Analyzing sentiments is a very subjective exercise. The other day, I was talking about this to a colleague of mine about how you could mine sentiments and he made a very interesting comment based out of the experience that he has had with this concept :
He has his own software company which is a mid-sized software one and that which was doing fairly well and at one time, he tried to analyze the broader sentiment about the brand value of his company on the open market.
He went online and using some screen scraping algorithms and tools, extracted feedback provided on various forums and fed them through a off the shelf sentiment analysis tool – HP has one – IDOL (https://www.idolondemand.com/developer/apis/analyzesentiment#overview) and even Microsoft Azure has one now (https://azure.microsoft.com/en-us/documentation/articles/machine-le....
The overall brand sentiment turned out to be negative and even more surprising was the fact that it leaned towards the most negative scale. This surprised him because the other parameters that his HR partners provided him were painting a contrasting picture- the attrition rate was low, the employee engagement survey produced positive results etc. Then he did a deep dive into the feedback content and realized that almost all of the comments were negative and that the people who posted feedback were all disgruntled employees and not many employees who were happy posted any kind of feedback on any social forum. They were too busy with their work and adding more value to the organization.
The comment he made in conclusion is “It does not matter what or which complex or super smart models you choose or algorithms that can crunch complex text, it matters how you choose the source of the data set that you will feed for the analysis”.
The below screen shots show the sentiment analysis of a famous banking brand based on twitter feedback. We have 2 pictures of word cloud analysis – one displaying set of positive things said and the other one, well, not so positive things.
As you could see the sentiment is fairly positive with the word cloud of positive tweets having more data than the word cloud of negative tweets.

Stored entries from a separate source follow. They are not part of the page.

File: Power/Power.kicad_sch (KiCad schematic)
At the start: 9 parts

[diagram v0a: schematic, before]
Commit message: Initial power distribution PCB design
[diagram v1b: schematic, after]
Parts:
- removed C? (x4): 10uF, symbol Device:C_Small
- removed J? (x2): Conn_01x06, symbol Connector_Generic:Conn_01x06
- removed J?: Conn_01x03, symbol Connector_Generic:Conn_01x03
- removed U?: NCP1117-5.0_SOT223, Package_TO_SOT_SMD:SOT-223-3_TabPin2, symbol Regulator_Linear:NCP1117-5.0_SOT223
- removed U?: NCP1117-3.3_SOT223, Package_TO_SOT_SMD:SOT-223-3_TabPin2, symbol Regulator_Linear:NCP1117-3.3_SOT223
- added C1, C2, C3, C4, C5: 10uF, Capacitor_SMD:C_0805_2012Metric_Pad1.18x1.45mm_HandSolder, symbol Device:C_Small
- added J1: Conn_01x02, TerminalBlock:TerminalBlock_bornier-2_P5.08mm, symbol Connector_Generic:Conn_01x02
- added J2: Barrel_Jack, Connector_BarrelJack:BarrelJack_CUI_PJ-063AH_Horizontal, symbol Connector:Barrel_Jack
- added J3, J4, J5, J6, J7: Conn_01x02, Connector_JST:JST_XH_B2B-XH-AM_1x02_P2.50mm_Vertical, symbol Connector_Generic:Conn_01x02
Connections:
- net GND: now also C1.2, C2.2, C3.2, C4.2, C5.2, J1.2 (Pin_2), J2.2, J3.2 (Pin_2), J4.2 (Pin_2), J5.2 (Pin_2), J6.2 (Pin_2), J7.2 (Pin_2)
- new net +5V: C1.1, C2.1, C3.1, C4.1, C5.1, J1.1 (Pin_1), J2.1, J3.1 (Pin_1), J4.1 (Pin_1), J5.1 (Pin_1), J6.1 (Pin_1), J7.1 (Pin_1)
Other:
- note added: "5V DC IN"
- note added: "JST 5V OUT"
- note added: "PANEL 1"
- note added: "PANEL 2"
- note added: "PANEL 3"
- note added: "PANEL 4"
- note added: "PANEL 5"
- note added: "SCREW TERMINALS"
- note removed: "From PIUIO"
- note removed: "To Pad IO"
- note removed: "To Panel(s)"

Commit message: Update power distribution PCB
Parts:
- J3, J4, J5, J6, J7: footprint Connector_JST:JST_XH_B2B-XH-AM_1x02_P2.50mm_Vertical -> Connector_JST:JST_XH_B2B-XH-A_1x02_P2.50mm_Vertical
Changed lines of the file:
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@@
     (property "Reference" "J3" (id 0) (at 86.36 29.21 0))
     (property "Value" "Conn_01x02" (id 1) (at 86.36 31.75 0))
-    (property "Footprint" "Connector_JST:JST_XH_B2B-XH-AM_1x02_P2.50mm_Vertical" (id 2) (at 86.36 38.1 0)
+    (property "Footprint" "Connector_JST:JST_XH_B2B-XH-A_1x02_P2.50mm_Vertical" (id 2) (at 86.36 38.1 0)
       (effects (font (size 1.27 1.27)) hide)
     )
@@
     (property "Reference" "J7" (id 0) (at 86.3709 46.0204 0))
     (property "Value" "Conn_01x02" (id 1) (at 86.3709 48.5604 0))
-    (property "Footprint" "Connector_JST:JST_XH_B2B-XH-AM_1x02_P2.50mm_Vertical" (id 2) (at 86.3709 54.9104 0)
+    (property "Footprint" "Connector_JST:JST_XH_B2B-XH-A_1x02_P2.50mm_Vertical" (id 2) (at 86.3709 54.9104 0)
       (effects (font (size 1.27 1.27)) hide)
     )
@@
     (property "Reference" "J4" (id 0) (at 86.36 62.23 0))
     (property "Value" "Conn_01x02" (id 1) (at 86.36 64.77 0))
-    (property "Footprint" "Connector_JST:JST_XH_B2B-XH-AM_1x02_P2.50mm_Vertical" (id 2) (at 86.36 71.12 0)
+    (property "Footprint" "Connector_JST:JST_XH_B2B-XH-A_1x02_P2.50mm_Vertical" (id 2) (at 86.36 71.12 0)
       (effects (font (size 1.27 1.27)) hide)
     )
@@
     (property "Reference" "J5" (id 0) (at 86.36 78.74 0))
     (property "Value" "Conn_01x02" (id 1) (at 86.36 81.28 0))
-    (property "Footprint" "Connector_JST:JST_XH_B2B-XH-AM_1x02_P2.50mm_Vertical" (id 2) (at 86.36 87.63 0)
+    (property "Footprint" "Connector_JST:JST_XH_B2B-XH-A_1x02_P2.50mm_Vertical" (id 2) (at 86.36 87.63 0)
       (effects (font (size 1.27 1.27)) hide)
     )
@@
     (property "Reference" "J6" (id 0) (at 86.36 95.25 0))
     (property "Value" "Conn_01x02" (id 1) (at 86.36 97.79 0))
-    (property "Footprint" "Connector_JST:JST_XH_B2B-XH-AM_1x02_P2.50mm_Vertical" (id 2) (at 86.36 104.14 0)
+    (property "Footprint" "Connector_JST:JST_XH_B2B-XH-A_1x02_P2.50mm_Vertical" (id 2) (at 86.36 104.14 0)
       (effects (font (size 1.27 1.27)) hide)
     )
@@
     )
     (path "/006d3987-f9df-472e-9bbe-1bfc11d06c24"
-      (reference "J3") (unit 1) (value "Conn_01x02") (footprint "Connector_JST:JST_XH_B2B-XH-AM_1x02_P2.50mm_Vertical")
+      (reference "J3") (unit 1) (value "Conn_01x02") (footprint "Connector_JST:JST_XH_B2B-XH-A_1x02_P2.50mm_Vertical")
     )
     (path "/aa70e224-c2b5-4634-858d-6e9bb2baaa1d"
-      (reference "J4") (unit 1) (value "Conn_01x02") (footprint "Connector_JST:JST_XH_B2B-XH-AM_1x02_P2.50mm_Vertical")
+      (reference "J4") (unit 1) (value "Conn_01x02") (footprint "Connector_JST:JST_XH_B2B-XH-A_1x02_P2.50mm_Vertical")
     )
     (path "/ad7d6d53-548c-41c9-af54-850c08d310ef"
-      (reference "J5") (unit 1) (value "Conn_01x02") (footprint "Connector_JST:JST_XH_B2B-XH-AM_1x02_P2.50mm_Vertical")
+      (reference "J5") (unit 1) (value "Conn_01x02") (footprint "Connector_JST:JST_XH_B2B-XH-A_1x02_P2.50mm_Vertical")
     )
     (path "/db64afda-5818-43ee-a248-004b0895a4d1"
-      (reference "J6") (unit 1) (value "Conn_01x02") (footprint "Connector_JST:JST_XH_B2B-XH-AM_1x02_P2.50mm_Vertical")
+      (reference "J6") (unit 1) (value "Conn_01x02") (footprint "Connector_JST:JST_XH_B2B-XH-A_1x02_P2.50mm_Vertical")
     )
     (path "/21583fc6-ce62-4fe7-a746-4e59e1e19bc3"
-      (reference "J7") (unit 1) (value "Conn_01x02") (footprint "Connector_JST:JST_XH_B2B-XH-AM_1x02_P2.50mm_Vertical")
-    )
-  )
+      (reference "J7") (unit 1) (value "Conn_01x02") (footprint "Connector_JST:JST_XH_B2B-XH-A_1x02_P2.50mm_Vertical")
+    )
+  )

A couple of points that we need to remind ourselves while we are in the process of analyzing these groups of words:
- The most important caveat or caution area is the quality of data. The ability to use high quality of data for analysis comes through the ability to analyze the initial data and apply data set specific filters to weed out low quality data, the notion of “one size does not fit all” fits ideally into this scenario. While doing analysis we should be very confident about the type of data that we are looking for so that we are expert enough to apply the correct regular expressions or use the right set of stop words to get the data quality that we are looking for.
- The second but nonetheless important factor is the quantity of data, we may not be able to derive meaningful results from minuscule data sets. There should volume and variety available so that the model that is used to derive the analysis results can be trained adequately. We are dealing with machine learning and if we don’t teach the system properly and feed them with enough variety and volume of data, the learning algorithm would not.
- There is also subjectivity involved around the date and time this data was pulled from twitter for analysis – for example the sentiment would hover around positive things after a charity drive or football game when the brand has sponsored the game or has some interesting ads versus when the sentiment would turn adverse after news around recession or job cuts come up. Hence companies doing brand or sentiment analysis exercises should factor in this.